_WHAT YOU SHOULD DO_
Only the lines of the data below from the one with "Overlap : Subsystem" through the one with "LMS,Variable Step LMS" are wanted. Repeat them exactly.

_STORED DATA_
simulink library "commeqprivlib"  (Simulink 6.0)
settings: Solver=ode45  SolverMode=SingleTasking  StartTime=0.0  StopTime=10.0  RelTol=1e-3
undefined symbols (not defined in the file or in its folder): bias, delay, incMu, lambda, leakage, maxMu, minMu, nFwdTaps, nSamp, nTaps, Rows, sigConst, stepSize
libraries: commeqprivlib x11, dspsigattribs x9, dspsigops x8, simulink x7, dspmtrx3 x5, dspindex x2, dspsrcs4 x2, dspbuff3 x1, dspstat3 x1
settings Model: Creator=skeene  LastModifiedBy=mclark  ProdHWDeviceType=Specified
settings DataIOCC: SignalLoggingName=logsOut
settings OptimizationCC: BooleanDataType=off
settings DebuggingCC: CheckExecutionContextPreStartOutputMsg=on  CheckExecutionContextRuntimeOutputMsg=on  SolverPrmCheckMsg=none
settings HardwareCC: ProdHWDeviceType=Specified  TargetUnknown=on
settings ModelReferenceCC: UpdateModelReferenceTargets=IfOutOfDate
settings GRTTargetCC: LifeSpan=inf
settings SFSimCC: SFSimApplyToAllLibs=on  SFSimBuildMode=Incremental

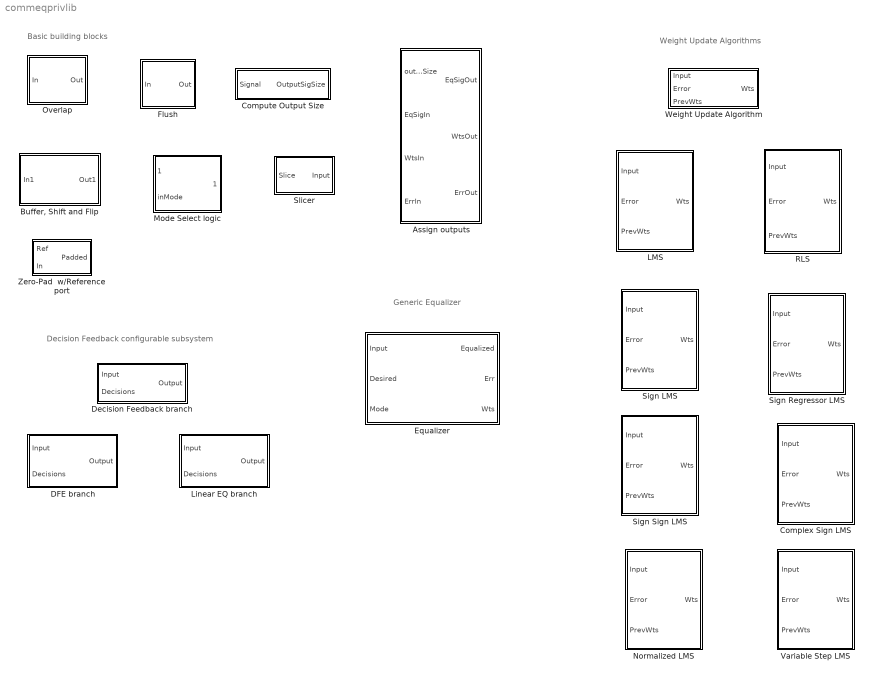
== system commeqprivlib ==
  note: Basic building blocks
  note: Decision Feedback configurable subsystem
  note: Generic Equalizer
  note: Weight Update Algorithms
  Assign outputs : Subsystem  EnableExecutionContextPropagation=on
  "Buffer, Shift and Flip" : Subsystem  EnableExecutionContextPropagation=on
  Complex Sign LMS : Subsystem  EnableExecutionContextPropagation=on
  Compute Output Size : Subsystem  EnableExecutionContextPropagation=on
  DFE branch : Subsystem  EnableExecutionContextPropagation=on
  Decision Feedback branch : Subsystem  BlockChoice=DFE branch  EnableExecutionContextPropagation=on
      settings: TemplateBlock=self  MemberBlocks=DFE branch,Linear EQ branch
  "Equalizer " : Subsystem  EnableExecutionContextPropagation=on  mask{eqType=Linear, alg=LMS}
      mask prompts: eqType "Equalizer type"; alg "Weight update algorithm"
      mask init:
      | commblkeq
      mask StyleString: popup(Linear|DFE),popup(LMS|RLS|Sign LMS|Sign Regressor LMS|Sign Sign LMS|Complex Sign LMS|Normalized LMS|Variable Step LMS)
      mask CallbackString: commblkeq|commblkeq
  Flush : Subsystem  EnableExecutionContextPropagation=on
  LMS : Subsystem  EnableExecutionContextPropagation=on
  Linear EQ branch : Subsystem  EnableExecutionContextPropagation=on
  Mode Select logic : Subsystem  EnableExecutionContextPropagation=on
  Normalized LMS : Subsystem  EnableExecutionContextPropagation=on
  Overlap : Subsystem  EnableExecutionContextPropagation=on
  RLS : Subsystem  EnableExecutionContextPropagation=on
  Sign LMS : Subsystem  EnableExecutionContextPropagation=on
  Sign Regressor LMS : Subsystem  EnableExecutionContextPropagation=on
  Sign Sign LMS : Subsystem  EnableExecutionContextPropagation=on
  Slicer : Subsystem  Orientation=left  EnableExecutionContextPropagation=on
  Variable Step LMS : Subsystem  EnableExecutionContextPropagation=on
  Weight Update Algorithm : Subsystem  BlockChoice=LMS  EnableExecutionContextPropagation=on
      settings: TemplateBlock=self  MemberBlocks=Complex Sign LMS,LMS,Normalized LMS,RLS,Sign LMS,Sign Regressor LMS,Sign Sign LMS,Variable Step LMS
  Zero-Pad  w/Reference port : Subsystem  EnableExecutionContextPropagation=on

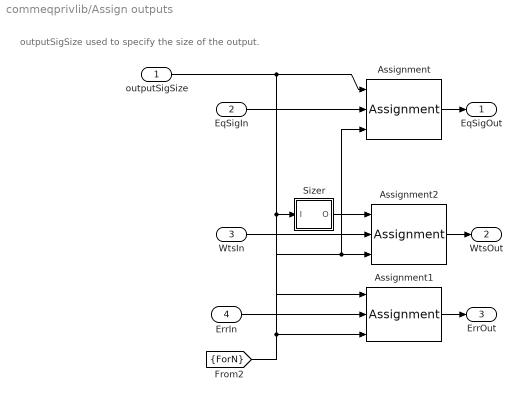
== system commeqprivlib/Assign outputs ==
  note: outputSigSize used to specify
      | the size of the output.
  outputSigSize : Inport  LatchInput=off
  EqSigIn : Inport  Port=2  LatchInput=off
  WtsIn : Inport  Port=3  LatchInput=off
  ErrIn : Inport  Port=4  LatchInput=off
  Assignment : Assignment  IndexMode=Zero-based  ElementSrc=External  Rows=-1  ColumnSrc=External  DiagnosticForDimensions=Error
  Assignment1 : Assignment  IndexMode=Zero-based  ElementSrc=External  Rows=-1  ColumnSrc=External  DiagnosticForDimensions=Error
  Assignment2 : Assignment  InputType=Matrix  IndexMode=Zero-based  ElementSrc=External  Rows=-1  ColumnSrc=External  DiagnosticForDimensions=Error
  Sizer : Subsystem  EnableExecutionContextPropagation=on
  EqSigOut : Outport
  WtsOut : Outport  Port=2
  ErrOut : Outport  Port=3
  wires:
  outputSigSize/1 -> Sizer/1(I), Assignment1/1, Assignment/1
  [ForN] -> Assignment1/3, Assignment/3, Assignment2/3
  Sizer/1(O) -> Assignment2/1
  EqSigIn/1 -> Assignment/2
  WtsIn/1 -> Assignment2/2
  ErrIn/1 -> Assignment1/2
  Assignment/1 -> EqSigOut/1
  Assignment2/1 -> WtsOut/1
  Assignment1/1 -> ErrOut/1

== system commeqprivlib/Buffer, Shift and Flip ==
  In1 : Inport  LatchInput=off
  Bias1 : Bias  Bias=0:nFwdTaps-1
  Flip : dspindex/Flip  dim=Columns
  Frame Status Conversion : dspsigattribs/Frame Status Conversion  growRefPort=off  outframe=Sample-based
  Gain : Gain  Gain=nSamp  SaturateOnIntegerOverflow=on
  Selector : Selector  IndexMode=Zero-based  ElementSrc=External  Elements=[1 3]
  Out1 : Outport
  wires:
  Frame Status Conversion/1 -> Out1/1
  In1/1 -> Selector/1
  Gain/1 -> Bias1/1
  [ForN] -> Gain/1
  Selector/1 -> Flip/1
  Flip/1 -> Frame Status Conversion/1
  Bias1/1 -> Selector/2

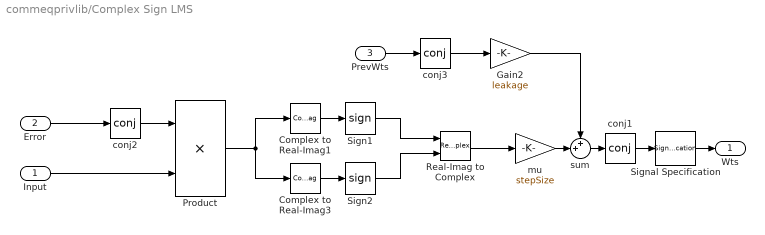
== system commeqprivlib/Complex Sign LMS ==
  Input : Inport  LatchInput=off
  Error : Inport  Port=2  LatchInput=off
  PrevWts : Inport  Port=3  LatchInput=off
  Complex to Real-Imag1 : ComplexToRealImag  Output=Real
  Complex to Real-Imag3 : ComplexToRealImag  Output=Imag
  Gain2 : Gain  Gain=leakage  SaturateOnIntegerOverflow=on
  Product : Product  SaturateOnIntegerOverflow=on
  Real-Imag to Complex : RealImagToComplex
  Sign1 : Signum
  Sign2 : Signum
  Signal Specification : SignalSpecification
      settings: SignalType=complex
  conj1 : Math  Operator=conj  SaturateOnIntegerOverflow=on
  conj2 : Math  Operator=conj  SaturateOnIntegerOverflow=on
  conj3 : Math  Operator=conj  SaturateOnIntegerOverflow=on
  mu : Gain  Gain=stepSize  SaturateOnIntegerOverflow=on
  sum : Sum  Inputs=++|  SaturateOnIntegerOverflow=on  InputSameDT=on
  Wts : Outport  InitialOutput=0
  wires:
  Product/1 -> Complex to Real-Imag1/1, Complex to Real-Imag3/1
  Complex to Real-Imag1/1 -> Sign1/1
  Gain2/1 -> sum/1
  PrevWts/1 -> conj3/1
  sum/1 -> conj1/1
  Input/1 -> Product/2
  Error/1 -> conj2/1
  mu/1 -> sum/2
  conj1/1 -> Signal Specification/1
  conj3/1 -> Gain2/1
  conj2/1 -> Product/1
  Signal Specification/1 -> Wts/1
  Real-Imag to Complex/1 -> mu/1
  Sign1/1 -> Real-Imag to Complex/1
  Complex to Real-Imag3/1 -> Sign2/1
  Sign2/1 -> Real-Imag to Complex/2

== system commeqprivlib/Compute Output Size ==
  Signal : Inport  LatchInput=off
  Downsample : dspsigops/Downsample  N=nSamp  phase=0  ic=0  smode=Force single rate  fmode=Maintain input frame rate
  Submatrix : dspmtrx3/Submatrix  RowSpan=Range of rows  RowStartMode=First  RowStartIndex=1  RowEndMode=Offset from last  RowEndIndex=nFwdTaps  ColSpan=Range of columns  ColStartMode=First  ColStartIndex=1  ColEndMode=Last  ColEndIndex=1
  OutputSigSize : Outport
  wires:
  Downsample/1 -> OutputSigSize/1
  Submatrix/1 -> Downsample/1
  Signal/1 -> Submatrix/1

== system commeqprivlib/DFE branch ==
  Input : Inport  LatchInput=off
  Decisions : Inport  Orientation=up  Port=2  LatchInput=off
  Delay Line : dspbuff3/Delay Line  Orientation=up  siz=nFdbkTaps  ic=0  directfeed=off
  Flip1 : dspindex/Flip  Orientation=up  dim=Columns
  Matrix Concatenation : simulink/Math Operations/Matrix Concatenation  numInports=2  catMethod=Vertical
  Output : Outport
  wires:
  Matrix Concatenation/1 -> Output/1
  Input/1 -> Matrix Concatenation/1
  Decisions/1 -> Delay Line/1
  Delay Line/1 -> Flip1/1
  Flip1/1 -> Matrix Concatenation/2

== system commeqprivlib/Decision Feedback branch ==
  Input : Inport  LatchInput=off
  Decisions : Inport  Port=2  LatchInput=off
  DFE branch : commeqprivlib/DFE branch  SimViewingDevice=off  DataTypeOverride=UseLocalSettings  MinMaxOverflowLogging=UseLocalSettings
      settings: Permissions=ReadWrite  RTWFcnNameOpts=Auto  RTWFileNameOpts=Auto
  Output : Outport
  wires:
  Input/1 -> DFE branch/1
  Decisions/1 -> DFE branch/2
  DFE branch/1 -> Output/1

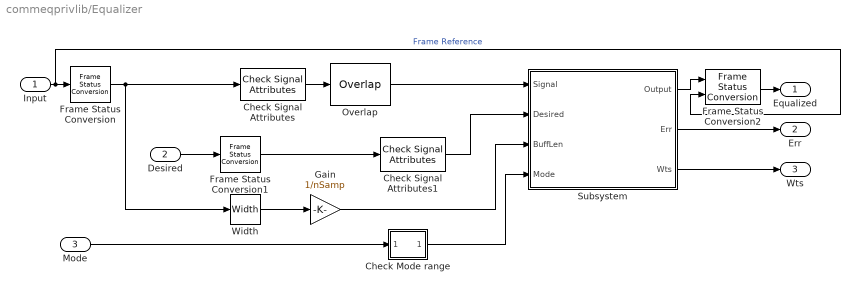
== system commeqprivlib/Equalizer  ==
  Input : Inport  LatchInput=off
  Desired : Inport  Port=2  LatchInput=off
  Mode : Inport  Port=3  LatchInput=off
  Check Mode range : Subsystem  EnableExecutionContextPropagation=on
  Check Signal Attributes : dspsigattribs/Check Signal Attributes  SigAttribCheckMethod=Does not match attributes exactly  Complexity=Complex  Frame=Ignore  DimsCheckMethod=Is not...  Dimensions=Full matrix (2-D)  DatatypeCheckMethod=Ignore  DatatypeGeneral=Boolean  DtypeFloatSpecific=Any floating-point  DtypeFixedSpecific=Any fixed-point  DtypeIntSpecific=Any integer  SampleMode=Ignore
  Check Signal Attributes1 : dspsigattribs/Check Signal Attributes  SigAttribCheckMethod=Does not match attributes exactly  Complexity=Complex  Frame=Ignore  DimsCheckMethod=Is not...  Dimensions=Full matrix (2-D)  DatatypeCheckMethod=Ignore  DatatypeGeneral=Boolean  DtypeFloatSpecific=Any floating-point  DtypeFixedSpecific=Any fixed-point  DtypeIntSpecific=Any integer  SampleMode=Ignore
  Frame Status Conversion : dspsigattribs/Frame Status Conversion  growRefPort=off  outframe=Frame-based
  Frame Status Conversion1 : dspsigattribs/Frame Status Conversion  growRefPort=off  outframe=Frame-based
  Frame Status Conversion2 : dspsigattribs/Frame Status Conversion  growRefPort=on  outframe=Frame-based
  Gain : Gain  Gain=1/nSamp  SaturateOnIntegerOverflow=on
  Overlap : commeqprivlib/Overlap
  Subsystem : Subsystem  EnableExecutionContextPropagation=on
  Width : Width  ShowAdditionalParam=on
  Equalized : Outport
  Err : Outport  Port=2
  Wts : Outport  Port=3
  wires:
  Frame Status Conversion/1 -> Width/1, Check Signal Attributes/1
  Frame Status Conversion1/1 -> Check Signal Attributes1/1
  Frame Status Conversion2/1 -> Equalized/1
  Subsystem/1(Output) -> Frame Status Conversion2/1
  Check Mode range/1("  ") -> Subsystem/4(Mode)
  Subsystem/3(Wts) -> Wts/1
  Subsystem/2(Err) -> Err/1
  Mode/1 -> Check Mode range/1("        ")
  Gain/1 -> Subsystem/3(BuffLen)
  Overlap/1 -> Subsystem/1(Signal)
  Desired/1 -> Frame Status Conversion1/1
  Input/1 -> Frame Status Conversion/1, Frame Status Conversion2/2  "Frame Reference"
  Width/1 -> Gain/1
  Check Signal Attributes1/1 -> Subsystem/2(Desired)
  Check Signal Attributes/1 -> Overlap/1

== system commeqprivlib/Flush ==
  note: This subsytem appends delay
      | samples to the reference signal.
      | The purpose of this is to flush out the
      | final samples from the delay block
      | that follows this subsystem.
  In : Inport  LatchInput=off
  Delay2 : dspsigops/Delay  Orientation=left  dly_unit=Samples  delay=delay  ic_detail=off  dif_ic_for_ch=off  dif_ic_for_dly=off  ic=0  reset_popup=None
  Matrix Concatenation : simulink/Math Operations/Matrix Concatenation  numInports=2  catMethod=Vertical
  Signal Specification : simulink/Signal Attributes/Signal Specification  Orientation=up  D=[delay 1]  Ts=-1  DataType=auto  OutDataType=sfix(16)  OutScaling=2^0
      settings: SignalType=auto  SamplingMode=auto
  Submatrix : dspmtrx3/Submatrix  Orientation=down  RowSpan=Range of rows  RowStartMode=Offset from last  RowStartIndex=delay-1  RowEndMode=Last  RowEndIndex=1  ColSpan=Range of columns  ColStartMode=First  ColStartIndex=1  ColEndMode=Last  ColEndIndex=1
  Out : Outport
  wires:
  Submatrix/1 -> Delay2/1
  Delay2/1 -> Signal Specification/1
  Matrix Concatenation/1 -> Out/1, Submatrix/1
  In/1 -> Matrix Concatenation/1
  Signal Specification/1 -> Matrix Concatenation/2

== system commeqprivlib/LMS ==
  Input : Inport  LatchInput=off
  Error : Inport  Port=2  LatchInput=off
  PrevWts : Inport  Port=3  LatchInput=off
  Gain2 : Gain  Gain=leakage  SaturateOnIntegerOverflow=on
  Product : Product  SaturateOnIntegerOverflow=on
  conj : Math  Operator=conj  SaturateOnIntegerOverflow=on
  mu : Gain  Gain=stepSize  SaturateOnIntegerOverflow=on
  sum : Sum  Inputs=++|  SaturateOnIntegerOverflow=on  InputSameDT=on
  Wts : Outport  InitialOutput=0
  wires:
  mu/1 -> Product/1
  Error/1 -> mu/1
  conj/1 -> Product/2
  Input/1 -> conj/1
  sum/1 -> Wts/1
  Product/1 -> sum/2
  PrevWts/1 -> Gain2/1
  Gain2/1 -> sum/1

== system commeqprivlib/Linear EQ branch ==
  note: There is no feedback in a linear equalizer
  Input : Inport  LatchInput=off
  Decisions : Inport  Orientation=up  Port=2  LatchInput=off
  Terminator : Terminator
      settings: Orientation=up
  Output : Outport
  wires:
  Decisions/1 -> Terminator/1
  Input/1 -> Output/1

_TASK RESULT_
  Overlap : Subsystem  EnableExecutionContextPropagation=on
  RLS : Subsystem  EnableExecutionContextPropagation=on
  Sign LMS : Subsystem  EnableExecutionContextPropagation=on
  Sign Regressor LMS : Subsystem  EnableExecutionContextPropagation=on
  Sign Sign LMS : Subsystem  EnableExecutionContextPropagation=on
  Slicer : Subsystem  Orientation=left  EnableExecutionContextPropagation=on
  Variable Step LMS : Subsystem  EnableExecutionContextPropagation=on
  Weight Update Algorithm : Subsystem  BlockChoice=LMS  EnableExecutionContextPropagation=on
      settings: TemplateBlock=self  MemberBlocks=Complex Sign LMS,LMS,Normalized LMS,RLS,Sign LMS,Sign Regressor LMS,Sign Sign LMS,Variable Step LMS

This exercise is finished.